Costa Rica

In 2021, the number of first asylum applicants increased by 413%, to reach around 108 000. The majority of applicants came from Nicaragua (102 000), Venezuela (3 000), Haiti (900). The largest increase since 2020 concerned nationals of Nicaragua (92 500).

Migration policy in Costa Rica is largely shaped by efforts to regulate immigration from its Central American neighbours and from Venezuela. In 2021, the Costa Rican Government implemented a new protection mechanism for irregular migrants. The measure aims to provide temporary protection to Venezuelan, Nicaraguan or Cuban nationals who entered the country between January 2010 and March 2020 and whose asylum applications have been rejected.

Specific measures are in place for people from neighbouring countries near border areas. In January 2021, the Government of Costa Rica enacted a decree to allow indigenous Nicaraguan and Panamanian nationals living in bordering areas with Costa Rica to work on specific activities. They are authorised by the General Directorate to enter and leave the national territory on a daily basis.
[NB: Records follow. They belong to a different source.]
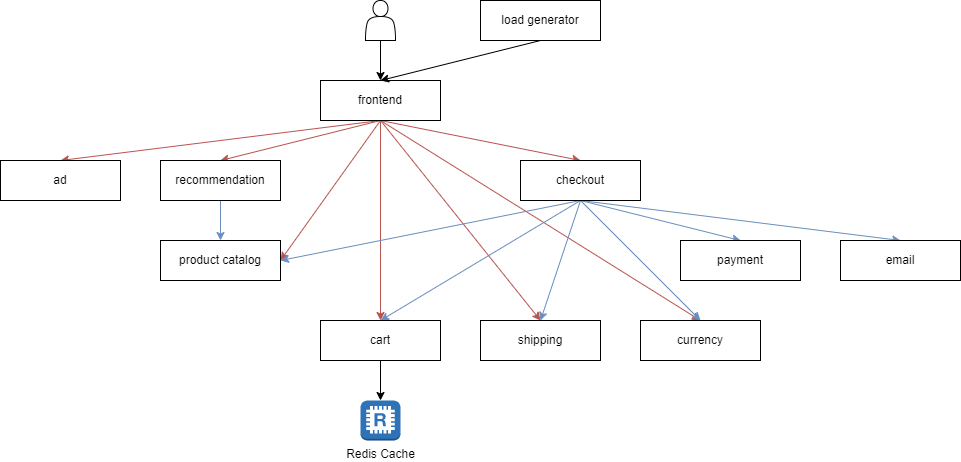

The diagram above was exported from draw.io. Its source (the exported page's mxGraphModel, read from the mxfile embedded in the PNG):
<mxGraphModel dx="1235" dy="1736" grid="1" gridSize="10" guides="1" tooltips="1" connect="1" arrows="1" fold="1" page="1" pageScale="1" pageWidth="850" pageHeight="1100" math="0" shadow="0">
  <root>
    <mxCell id="0" />
    <mxCell id="1" parent="0" />
    <mxCell id="0HYuaNg0Eep6NIMFus43-13" style="edgeStyle=orthogonalEdgeStyle;rounded=0;orthogonalLoop=1;jettySize=auto;html=1;entryX=0.5;entryY=0;entryDx=0;entryDy=0;fillColor=#f8cecc;strokeColor=#b85450;" edge="1" parent="1" source="0HYuaNg0Eep6NIMFus43-1" target="0HYuaNg0Eep6NIMFus43-6">
      <mxGeometry relative="1" as="geometry" />
    </mxCell>
    <mxCell id="0HYuaNg0Eep6NIMFus43-14" style="rounded=0;orthogonalLoop=1;jettySize=auto;html=1;exitX=0.5;exitY=1;exitDx=0;exitDy=0;entryX=1;entryY=0.5;entryDx=0;entryDy=0;fillColor=#f8cecc;strokeColor=#b85450;" edge="1" parent="1" source="0HYuaNg0Eep6NIMFus43-1" target="0HYuaNg0Eep6NIMFus43-4">
      <mxGeometry relative="1" as="geometry" />
    </mxCell>
    <mxCell id="0HYuaNg0Eep6NIMFus43-15" style="rounded=0;orthogonalLoop=1;jettySize=auto;html=1;exitX=0.5;exitY=1;exitDx=0;exitDy=0;entryX=0.5;entryY=0;entryDx=0;entryDy=0;fillColor=#f8cecc;strokeColor=#b85450;" edge="1" parent="1" source="0HYuaNg0Eep6NIMFus43-1" target="0HYuaNg0Eep6NIMFus43-7">
      <mxGeometry relative="1" as="geometry" />
    </mxCell>
    <mxCell id="0HYuaNg0Eep6NIMFus43-16" style="rounded=0;orthogonalLoop=1;jettySize=auto;html=1;exitX=0.5;exitY=1;exitDx=0;exitDy=0;entryX=0.5;entryY=0;entryDx=0;entryDy=0;fillColor=#f8cecc;strokeColor=#b85450;" edge="1" parent="1" source="0HYuaNg0Eep6NIMFus43-1" target="0HYuaNg0Eep6NIMFus43-8">
      <mxGeometry relative="1" as="geometry" />
    </mxCell>
    <mxCell id="0HYuaNg0Eep6NIMFus43-17" style="rounded=0;orthogonalLoop=1;jettySize=auto;html=1;exitX=0.5;exitY=1;exitDx=0;exitDy=0;entryX=0.5;entryY=0;entryDx=0;entryDy=0;fillColor=#f8cecc;strokeColor=#b85450;" edge="1" parent="1" source="0HYuaNg0Eep6NIMFus43-1" target="0HYuaNg0Eep6NIMFus43-3">
      <mxGeometry relative="1" as="geometry" />
    </mxCell>
    <mxCell id="0HYuaNg0Eep6NIMFus43-18" style="rounded=0;orthogonalLoop=1;jettySize=auto;html=1;exitX=0.5;exitY=1;exitDx=0;exitDy=0;entryX=0.5;entryY=0;entryDx=0;entryDy=0;fillColor=#f8cecc;strokeColor=#b85450;" edge="1" parent="1" source="0HYuaNg0Eep6NIMFus43-1" target="0HYuaNg0Eep6NIMFus43-5">
      <mxGeometry relative="1" as="geometry" />
    </mxCell>
    <mxCell id="0HYuaNg0Eep6NIMFus43-27" style="rounded=0;orthogonalLoop=1;jettySize=auto;html=1;exitX=0.5;exitY=1;exitDx=0;exitDy=0;entryX=0.5;entryY=0;entryDx=0;entryDy=0;fillColor=#f8cecc;strokeColor=#b85450;" edge="1" parent="1" source="0HYuaNg0Eep6NIMFus43-1" target="0HYuaNg0Eep6NIMFus43-2">
      <mxGeometry relative="1" as="geometry" />
    </mxCell>
    <mxCell id="0HYuaNg0Eep6NIMFus43-1" value="frontend" style="rounded=0;whiteSpace=wrap;html=1;" vertex="1" parent="1">
      <mxGeometry x="320" y="40" width="120" height="40" as="geometry" />
    </mxCell>
    <mxCell id="0HYuaNg0Eep6NIMFus43-20" style="rounded=0;orthogonalLoop=1;jettySize=auto;html=1;exitX=0.5;exitY=1;exitDx=0;exitDy=0;entryX=1;entryY=0.5;entryDx=0;entryDy=0;fillColor=#dae8fc;strokeColor=#6c8ebf;" edge="1" parent="1" source="0HYuaNg0Eep6NIMFus43-2" target="0HYuaNg0Eep6NIMFus43-4">
      <mxGeometry relative="1" as="geometry" />
    </mxCell>
    <mxCell id="0HYuaNg0Eep6NIMFus43-21" style="rounded=0;orthogonalLoop=1;jettySize=auto;html=1;exitX=0.5;exitY=1;exitDx=0;exitDy=0;entryX=0.5;entryY=0;entryDx=0;entryDy=0;fillColor=#dae8fc;strokeColor=#6c8ebf;" edge="1" parent="1" source="0HYuaNg0Eep6NIMFus43-2" target="0HYuaNg0Eep6NIMFus43-6">
      <mxGeometry relative="1" as="geometry" />
    </mxCell>
    <mxCell id="0HYuaNg0Eep6NIMFus43-22" style="rounded=0;orthogonalLoop=1;jettySize=auto;html=1;exitX=0.5;exitY=1;exitDx=0;exitDy=0;entryX=0.5;entryY=0;entryDx=0;entryDy=0;fillColor=#dae8fc;strokeColor=#6c8ebf;" edge="1" parent="1" source="0HYuaNg0Eep6NIMFus43-2" target="0HYuaNg0Eep6NIMFus43-7">
      <mxGeometry relative="1" as="geometry">
        <mxPoint x="540" y="290" as="targetPoint" />
      </mxGeometry>
    </mxCell>
    <mxCell id="0HYuaNg0Eep6NIMFus43-23" style="rounded=0;orthogonalLoop=1;jettySize=auto;html=1;exitX=0.5;exitY=1;exitDx=0;exitDy=0;entryX=0.5;entryY=0;entryDx=0;entryDy=0;fillColor=#dae8fc;strokeColor=#6c8ebf;" edge="1" parent="1" source="0HYuaNg0Eep6NIMFus43-2" target="0HYuaNg0Eep6NIMFus43-8">
      <mxGeometry relative="1" as="geometry" />
    </mxCell>
    <mxCell id="0HYuaNg0Eep6NIMFus43-24" style="rounded=0;orthogonalLoop=1;jettySize=auto;html=1;exitX=0.5;exitY=1;exitDx=0;exitDy=0;entryX=0.5;entryY=0;entryDx=0;entryDy=0;fillColor=#dae8fc;strokeColor=#6c8ebf;" edge="1" parent="1" source="0HYuaNg0Eep6NIMFus43-2" target="0HYuaNg0Eep6NIMFus43-9">
      <mxGeometry relative="1" as="geometry" />
    </mxCell>
    <mxCell id="0HYuaNg0Eep6NIMFus43-25" style="rounded=0;orthogonalLoop=1;jettySize=auto;html=1;exitX=0.5;exitY=1;exitDx=0;exitDy=0;entryX=0.5;entryY=0;entryDx=0;entryDy=0;fillColor=#dae8fc;strokeColor=#6c8ebf;" edge="1" parent="1" source="0HYuaNg0Eep6NIMFus43-2" target="0HYuaNg0Eep6NIMFus43-12">
      <mxGeometry relative="1" as="geometry" />
    </mxCell>
    <mxCell id="0HYuaNg0Eep6NIMFus43-2" value="checkout" style="rounded=0;whiteSpace=wrap;html=1;" vertex="1" parent="1">
      <mxGeometry x="520" y="120" width="120" height="40" as="geometry" />
    </mxCell>
    <mxCell id="0HYuaNg0Eep6NIMFus43-26" style="rounded=0;orthogonalLoop=1;jettySize=auto;html=1;exitX=0.5;exitY=1;exitDx=0;exitDy=0;entryX=0.5;entryY=0;entryDx=0;entryDy=0;fillColor=#dae8fc;strokeColor=#6c8ebf;" edge="1" parent="1" source="0HYuaNg0Eep6NIMFus43-3" target="0HYuaNg0Eep6NIMFus43-4">
      <mxGeometry relative="1" as="geometry" />
    </mxCell>
    <mxCell id="0HYuaNg0Eep6NIMFus43-3" value="recommendation" style="rounded=0;whiteSpace=wrap;html=1;" vertex="1" parent="1">
      <mxGeometry x="160" y="120" width="120" height="40" as="geometry" />
    </mxCell>
    <mxCell id="0HYuaNg0Eep6NIMFus43-4" value="product catalog" style="rounded=0;whiteSpace=wrap;html=1;" vertex="1" parent="1">
      <mxGeometry x="160" y="200" width="120" height="40" as="geometry" />
    </mxCell>
    <mxCell id="0HYuaNg0Eep6NIMFus43-5" value="ad" style="rounded=0;whiteSpace=wrap;html=1;" vertex="1" parent="1">
      <mxGeometry y="120" width="120" height="40" as="geometry" />
    </mxCell>
    <mxCell id="0HYuaNg0Eep6NIMFus43-29" style="edgeStyle=orthogonalEdgeStyle;rounded=0;orthogonalLoop=1;jettySize=auto;html=1;" edge="1" parent="1" source="0HYuaNg0Eep6NIMFus43-6" target="0HYuaNg0Eep6NIMFus43-28">
      <mxGeometry relative="1" as="geometry" />
    </mxCell>
    <mxCell id="0HYuaNg0Eep6NIMFus43-6" value="cart" style="rounded=0;whiteSpace=wrap;html=1;" vertex="1" parent="1">
      <mxGeometry x="320" y="280" width="120" height="40" as="geometry" />
    </mxCell>
    <mxCell id="0HYuaNg0Eep6NIMFus43-7" value="shipping" style="rounded=0;whiteSpace=wrap;html=1;" vertex="1" parent="1">
      <mxGeometry x="480" y="280" width="120" height="40" as="geometry" />
    </mxCell>
    <mxCell id="0HYuaNg0Eep6NIMFus43-8" value="currency" style="rounded=0;whiteSpace=wrap;html=1;" vertex="1" parent="1">
      <mxGeometry x="640" y="280" width="120" height="40" as="geometry" />
    </mxCell>
    <mxCell id="0HYuaNg0Eep6NIMFus43-9" value="payment" style="rounded=0;whiteSpace=wrap;html=1;" vertex="1" parent="1">
      <mxGeometry x="680" y="200" width="120" height="40" as="geometry" />
    </mxCell>
    <mxCell id="0HYuaNg0Eep6NIMFus43-12" value="email" style="rounded=0;whiteSpace=wrap;html=1;" vertex="1" parent="1">
      <mxGeometry x="840" y="200" width="120" height="40" as="geometry" />
    </mxCell>
    <mxCell id="0HYuaNg0Eep6NIMFus43-28" value="Redis Cache" style="outlineConnect=0;dashed=0;verticalLabelPosition=bottom;verticalAlign=top;align=center;html=1;shape=mxgraph.aws3.redis;fillColor=#2E73B8;gradientColor=none;" vertex="1" parent="1">
      <mxGeometry x="360" y="360" width="40" height="40" as="geometry" />
    </mxCell>
    <mxCell id="0HYuaNg0Eep6NIMFus43-33" style="rounded=0;orthogonalLoop=1;jettySize=auto;html=1;exitX=0.5;exitY=1;exitDx=0;exitDy=0;entryX=0.5;entryY=0;entryDx=0;entryDy=0;" edge="1" parent="1" source="0HYuaNg0Eep6NIMFus43-30" target="0HYuaNg0Eep6NIMFus43-1">
      <mxGeometry relative="1" as="geometry" />
    </mxCell>
    <mxCell id="0HYuaNg0Eep6NIMFus43-30" value="load generator" style="rounded=0;whiteSpace=wrap;html=1;" vertex="1" parent="1">
      <mxGeometry x="480" y="-40" width="120" height="40" as="geometry" />
    </mxCell>
    <mxCell id="0HYuaNg0Eep6NIMFus43-32" style="edgeStyle=orthogonalEdgeStyle;rounded=0;orthogonalLoop=1;jettySize=auto;html=1;entryX=0.5;entryY=0;entryDx=0;entryDy=0;" edge="1" parent="1" source="0HYuaNg0Eep6NIMFus43-31" target="0HYuaNg0Eep6NIMFus43-1">
      <mxGeometry relative="1" as="geometry" />
    </mxCell>
    <mxCell id="0HYuaNg0Eep6NIMFus43-31" value="" style="shape=actor;whiteSpace=wrap;html=1;" vertex="1" parent="1">
      <mxGeometry x="365" y="-40" width="30" height="40" as="geometry" />
    </mxCell>
  </root>
</mxGraphModel>

In August 2021, the Costa Rican Government implemented a one-year working visa aimed at foreign nationals working remotely and extendable for an additional year under specific requirements. Under this “digital nomad” scheme, foreign nationals will be able to obtain a one-year remote work permit that is extendable for an additional year if they meet certain salary, health insurance and other requirements. Workers under this scheme are exempt from local income taxes.

In November 2020, the Costa Rican and Nicaraguan Governments signed a binational agreement to regulate the temporary hiring of Nicaraguan workers in Costa Rica for the harvesting season 2020-21. The agreement was implemented to offset labour shortages in the agricultural sector during the pandemic. In 2020-21, around 6 700 seasonal migrant workers benefited from this measure. The bilateral agreement was extended in September 2021 for an additional seven months to cover the 2021-22 harvesting season.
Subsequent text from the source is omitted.